That was Woody. I like pork, so I am good with the videos.


----------



## Ren Sauder (Apr 5, 2007)

I believe I remember those videos and I must say I dont understand what the uproar over them was about? Wild boars are dangerous animals that are not native to North America and must be eradicated as the threaten fragile ecosystems. It is dangerous for humans to comfront boars aon their own and it is difficult to locate them not to mention getting close enough for a shot. Dogs are needed for the hunt to be succesful. Its what these dogs were bred and designed to do so whats so bad about it? And how is it any different than a Jack Russel Terrier erradicating the rats from a horse stable?


----------



## Woody Taylor (Mar 28, 2006)

Jeff Oehlsen said:


> That was Woody. I like pork, so I am good with the videos.

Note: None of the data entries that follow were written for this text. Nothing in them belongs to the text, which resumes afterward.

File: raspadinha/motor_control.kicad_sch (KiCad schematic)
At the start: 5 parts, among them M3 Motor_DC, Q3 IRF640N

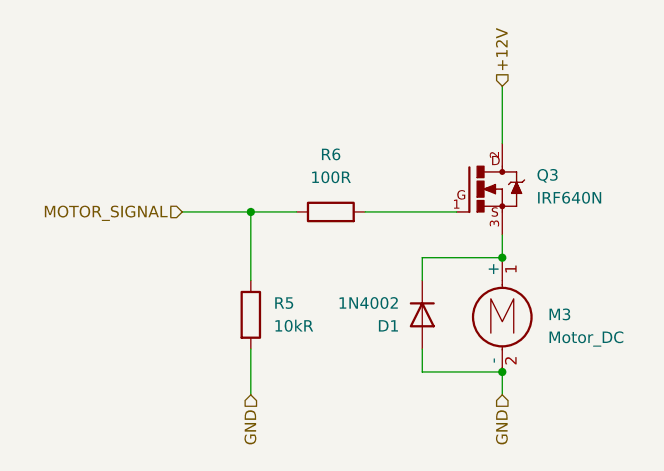
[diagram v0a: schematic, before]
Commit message: feat: usando o mosfet IRFZ44N feat: switch de on/off na fonte de alimentação
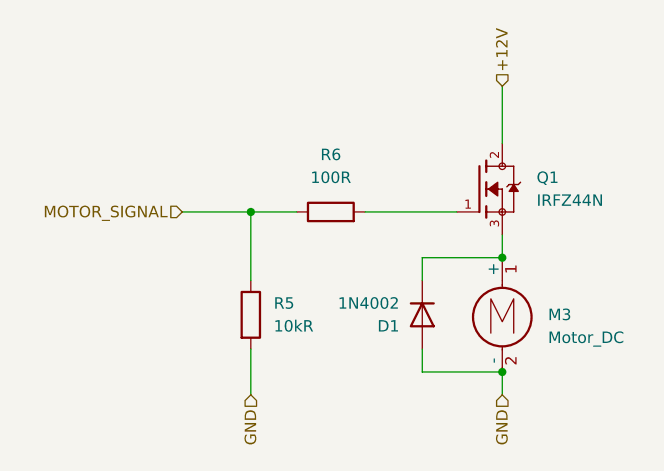
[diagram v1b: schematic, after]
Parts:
- removed Q3: IRF640N, symbol IRF640N:IRF640N
- added Q1: IRFZ44N, IRFZ44N:TO254P1016X419X2286-3, symbol IRFZ44N:IRFZ44N
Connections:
- net +12V: now also Q1.2
- net at D1.1 (K), M3.1 (+): now also Q1.3
- net at R6.2: now also Q1.1
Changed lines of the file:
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@@
-	)
-	(symbol
-		(lib_id "IRF640N:IRF640N")
-		(at 162.56 90.17 0)
-		(unit 1)
-		(exclude_from_sim no)
-		(in_bom yes)
-		(on_board yes)
-		(dnp no)
-		(fields_autoplaced yes)
-		(property "Reference" "Q3"
-			(at 168.91 88.6377 0)
-			(effects
-				(font
-					(size 1.27 1.27)
-				)
-				(justify left)
-			)
-		)
-		(property "Value" "IRF640N"
-			(at 168.91 91.1777 0)
-			(effects
-				(font
-					(size 1.27 1.27)
-				)
-				(justify left)
-			)
-		)
-		(property "Footprint" ""
-			(at 162.56 90.17 0)
-			(effects
-				(font
-					(size 1.27 1.27)
-				)
-				(hide yes)
-			)
-		)
-		(property "Datasheet" ""
-			(at 162.56 90.17 0)
-			(effects
-				(font
-					(size 1.27 1.27)
-				)
-				(hide yes)
-			)
-		)
-		(property "Description" ""
-			(at 162.56 90.17 0)
-			(effects
-				(font
-					(size 1.27 1.27)
-				)
-				(hide yes)
-			)
-		)
-		(property "MF" "Infineon Technologies"
-			(at 162.56 90.17 0)
-			(effects
-				(font
-					(size 1.27 1.27)
-				)
-				(justify bottom)
-				(hide yes)
-			)
-		)
-		(property "Description_1" "N-Channel 200V 18A (Tc) 150W (Tc) Through Hole TO-220AB"
-			(at 162.56 90.17 0)
-			(effects
-				(font
-					(size 1.27 1.27)
-				)
-				(justify bottom)
-				(hide yes)
-			)
-		)
-		(property "Package" "TO-263-3 Infineon Technologies"
-			(at 162.56 90.17 0)
-			(effects
-				(font
-					(size 1.27 1.27)
-				)
-				(justify bottom)
-				(hide yes)
-			)
-		)
-		(property "Price" "None"
-			(at 162.56 90.17 0)
-			(effects
-				(font
-					(size 1.27 1.27)
-				)
-				(justify bottom)
-				(hide yes)
-			)
-		)
-		(property "SnapEDA_Link" "https://www.snapeda.com/parts/IRF640N/Infineon/view-part/?ref=snap"
-			(at 162.56 90.17 0)
-			(effects
-				(font
-					(size 1.27 1.27)
-				)
-				(justify bottom)
-				(hide yes)
-			)
-		)
-		(property "MP" "IRF640N"
-			(at 162.56 90.17 0)
-			(effects
-				(font
-					(size 1.27 1.27)
-				)
-				(justify bottom)
-				(hide yes)
-			)
-		)
-		(property "Availability" "Not in stock"
-			(at 162.56 90.17 0)
-			(effects
-				(font
-					(size 1.27 1.27)
-				)
-				(justify bottom)
-				(hide yes)
-			)
-		)
-		(property "Check_prices" "https://www.snapeda.com/parts/IRF640N/Infineon/view-part/?ref=eda"
-			(at 162.56 90.17 0)
-			(effects
-				(font
-					(size 1.27 1.27)
-				)
-				(justify bottom)
-				(hide yes)
-			)
-		)
-		(pin "3"
-		)
-		(pin "2"
-		)
-		(pin "1"
-		)
-		(instances
-			(project "raspadinha"
-				(path "/0ce4bf39-76b0-428c-8682-47e2500753cc/7e5f2161-e419-4edf-867f-a791766c9953"
-					(reference "Q3")
-					(unit 1)
-				)
-			)
-		)
 	)
 	(symbol
@@
 					(unit 1)
 				)
+			)
+		)
+	)
+	(symbol
+		(lib_id "IRFZ44N:IRFZ44N")
+		(at 162.56 90.17 0)
+		(unit 1)
+		(exclude_from_sim no)
+		(in_bom yes)
+		(on_board yes)
+		(dnp no)
+		(fields_autoplaced yes)
+		(property "Reference" "Q1"
+			(at 168.91 88.8999 0)
+			(effects
+				(font
+					(size 1.27 1.27)
+				)
+				(justify left)
+			)
+		)
+		(property "Value" "IRFZ44N"
+			(at 168.91 91.4399 0)
+			(effects
+				(font
+					(size 1.27 1.27)
+				)
+				(justify left)
+			)
+		)
+		(property "Footprint" "IRFZ44N:TO254P1016X419X2286-3"
+			(at 162.56 90.17 0)
+			(effects
+				(font
+					(size 1.27 1.27)
+				)
+				(justify bottom)
+				(hide yes)
+			)
+		)
+		(property "Datasheet" ""
+			(at 162.56 90.17 0)
+			(effects
+				(font
+					(size 1.27 1.27)
+				)
+				(hide yes)
+			)
+		)
+		(property "Description" ""
+			(at 162.56 90.17 0)
+			(effects
+				(font
+					(size 1.27 1.27)
+				)
+				(hide yes)
+			)
+		)
+		(property "MF" "Infineon Technologies"
+			(at 162.56 90.17 0)
+			(effects
+				(font
+					(size 1.27 1.27)
+				)
+				(justify bottom)
+				(hide yes)
+			)
+		)
+		(property "MAXIMUM_PACKAGE_HEIGHT" "22.86 mm"
+			(at 162.56 90.17 0)
+			(effects
+				(font
+					(size 1.27 1.27)
+				)
+				(justify bottom)
+				(hide yes)
+			)
+		)
+		(property "Package" "TO-220AB-3 Infineon"
+			(at 162.56 90.17 0)
+			(effects
+				(font
+					(size 1.27 1.27)
+				)
+				(justify bottom)
+				(hide yes)
+			)
+		)
+		(property "Price" "None"
+			(at 162.56 90.17 0)
+			(effects
+				(font
+					(size 1.27 1.27)
+				)
+				(justify bottom)
+				(hide yes)
+			)
+		)
+		(property "Check_prices" "https://www.snapeda.com/parts/IRFZ44N/Infineon/view-part/?ref=eda"
+			(at 162.56 90.17 0)
+			(effects
+				(font
+					(size 1.27 1.27)
+				)
+				(justify bottom)
+				(hide yes)
+			)
+		)
+		(property "STANDARD" "IPC 7351B"
+			(at 162.56 90.17 0)
+			(effects
+				(font
+					(size 1.27 1.27)
+				)
+				(justify bottom)
+				(hide yes)
+			)
+		)
+		(property "PARTREV" "09/21/10"
+			(at 162.56 90.17 0)
+			(effects
+				(font
+					(size 1.27 1.27)
+				)
+				(justify bottom)
+				(hide yes)
+			)
+		)
+		(property "SnapEDA_Link" "https://www.snapeda.com/parts/IRFZ44N/Infineon/view-part/?ref=snap"
+			(at 162.56 90.17 0)
+			(effects
+				(font
+					(size 1.27 1.27)
+				)
+				(justify bottom)
+				(hide yes)
+			)
+		)
+		(property "MP" "IRFZ44N"
+			(at 162.56 90.17 0)
+			(effects
+				(font
+					(size 1.27 1.27)
+				)
+				(justify bottom)
+				(hide yes)
+			)
+		)
+		(property "Description_1" "N-Channel 55 V 49A (Tc) 94W (Tc) Through Hole TO-220AB"
+			(at 162.56 90.17 0)
+			(effects
+				(font
+					(size 1.27 1.27)
+				)
+				(justify bottom)
+				(hide yes)
+			)
+		)
+		(property "SNAPEDA_PN" "IRFZ44N"
+			(at 162.56 90.17 0)
+			(effects
+				(font
+					(size 1.27 1.27)
+				)
+				(justify bottom)
+				(hide yes)
+			)
+		)
+		(property "Availability" "In Stock"
+			(at 162.56 90.17 0)
+			(effects
+				(font
+					(size 1.27 1.27)
+				)
+				(justify bottom)
+				(hide yes)
+			)
+		)
+		(property "MANUFACTURER" "Infineon"
+			(at 162.56 90.17 0)
+			(effects
+				(font
+					(size 1.27 1.27)
+				)
+				(justify bottom)
+				(hide yes)
+			)
+		)
+		(pin "1"
+		)
+		(pin "2"
+		)
+		(pin "3"
+		)
+		(instances
+			(project ""
+				(path "/0ce4bf39-76b0-428c-8682-47e2500753cc/7e5f2161-e419-4edf-867f-a791766c9953"
+					(reference "Q1")
+					(unit 1)
+				)

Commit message: feat: Os Footprint foram todos atribuidos fix: A placa da Esp32 foi trocada pela que temos disponível
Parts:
- M3: footprint (none) -> TerminalBlock_Phoenix:TerminalBlock_Phoenix_PT-1,5-2-3.5-H_1x02_P3.50mm_Horizontal
- R5, R6: footprint (none) -> Resistor_THT:R_Axial_DIN0411_L9.9mm_D3.6mm_P12.70mm_Horizontal
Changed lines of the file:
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@@
 		(title "Geladinho, Motor control")
 		(date "2025-11-20")
-		(rev "v1.0.0")
+		(rev "v1.1.0")
 		(company "Universidade Federal Do Ceará")
 	)
@@
 			)
 		)
-		(property "Footprint" ""
+		(property "Footprint" "TerminalBlock_Phoenix:TerminalBlock_Phoenix_PT-1,5-2-3.5-H_1x02_P3.50mm_Horizontal"
 			(at 165.1 105.156 0)
 			(effects
@@
 			)
 		)
-		(property "Footprint" ""
+		(property "Footprint" "Resistor_THT:R_Axial_DIN0411_L9.9mm_D3.6mm_P12.70mm_Horizontal"
 			(at 135.382 104.14 90)
 			(effects
@@
 			)
 		)
-		(property "Footprint" ""
+		(property "Footprint" "Resistor_THT:R_Axial_DIN0411_L9.9mm_D3.6mm_P12.70mm_Horizontal"
 			(at 146.05 94.488 90)
 			(effects

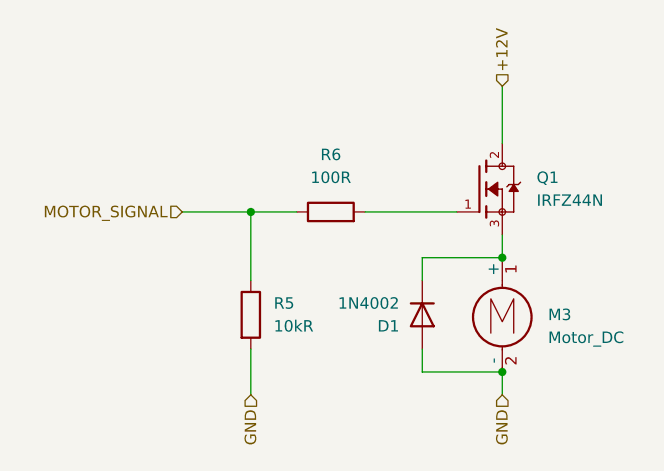
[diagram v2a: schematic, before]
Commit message: feat: Refatoração da alimentação da placa feat: Renomeação do número dos componentes
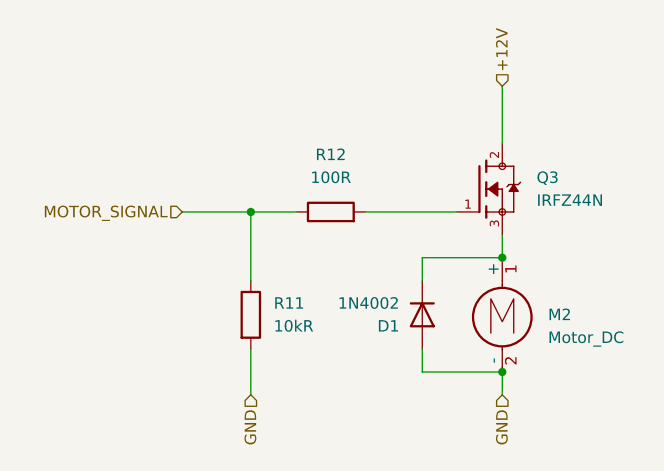
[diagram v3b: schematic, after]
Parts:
- renumbered M3 to M2, Q1 to Q3, R5 to R11, R6 to R12
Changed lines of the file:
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@@
 		(dnp no)
 		(fields_autoplaced yes)
-		(property "Reference" "M3"
+		(property "Reference" "M2"
 			(at 170.18 104.1399 0)
 			(effects
@@
 			(project "raspadinha"
 				(path "/0ce4bf39-76b0-428c-8682-47e2500753cc/7e5f2161-e419-4edf-867f-a791766c9953"
-					(reference "M3")
+					(reference "M2")
 					(unit 1)
 				)
@@
 		(dnp no)
 		(fields_autoplaced yes)
-		(property "Reference" "R5"
+		(property "Reference" "R11"
 			(at 139.7 102.8699 0)
 			(effects
@@
 			(project "raspadinha"
 				(path "/0ce4bf39-76b0-428c-8682-47e2500753cc/7e5f2161-e419-4edf-867f-a791766c9953"
-					(reference "R5")
+					(reference "R11")
 					(unit 1)
 				)
@@
 		(dnp no)
 		(fields_autoplaced yes)
-		(property "Reference" "Q1"
+		(property "Reference" "Q3"
 			(at 168.91 88.8999 0)
 			(effects
@@
 			(project ""
 				(path "/0ce4bf39-76b0-428c-8682-47e2500753cc/7e5f2161-e419-4edf-867f-a791766c9953"
-					(reference "Q1")
+					(reference "Q3")
 					(unit 1)
 				)
@@
 		(dnp no)
 		(fields_autoplaced yes)
-		(property "Reference" "R6"
+		(property "Reference" "R12"
 			(at 146.05 86.36 90)
 			(effects
@@
 			(project "raspadinha"
 				(path "/0ce4bf39-76b0-428c-8682-47e2500753cc/7e5f2161-e419-4edf-867f-a791766c9953"
-					(reference "R6")
+					(reference "R12")
 					(unit 1)
 				)

Yep. Had nothing to do with them being pitbulls, had to do with them being shots of gutless bloodsport (i.e., no win BS of a pig in an enclosed area getting brutalized by a dog)....and I thought those pics in question turned out to be from a kennel with a Vick attitude towards life. 

And it's a fine line, so to be on the safe side, I'll lock this thread and yank the links. Forum rule is no blood sport. Mods decide what's blood sport. Dictatorship in action.

And yes, McRibs are great. But not when they've been put through a blender. Trust me, I tried this freshman year.


----------



## Connie Sutherland (Mar 27, 2006)

Woody Taylor said:


> Yep. Had nothing to do with them being pitbulls, had to do with them being shots of gutless bloodsport (i.e., no win BS of a pig in an enclosed area getting brutalized by a dog)....and I thought those pics in question turned out to be from a kennel with a Vick attitude towards life.
> 
> And it's a fine line, so to be on the safe side, I'll lock this thread and yank the links. Forum rule is no blood sport. Mods decide what's blood sport. Dictatorship in action.
> 
> And yes, McRibs are great. But not when they've been put through a blender. Trust me, I tried this freshman year.


In case anyone thinks otherwise, Woody just happened to beat several mods who were headed over to dump this thread. Thanks, Woody.


----------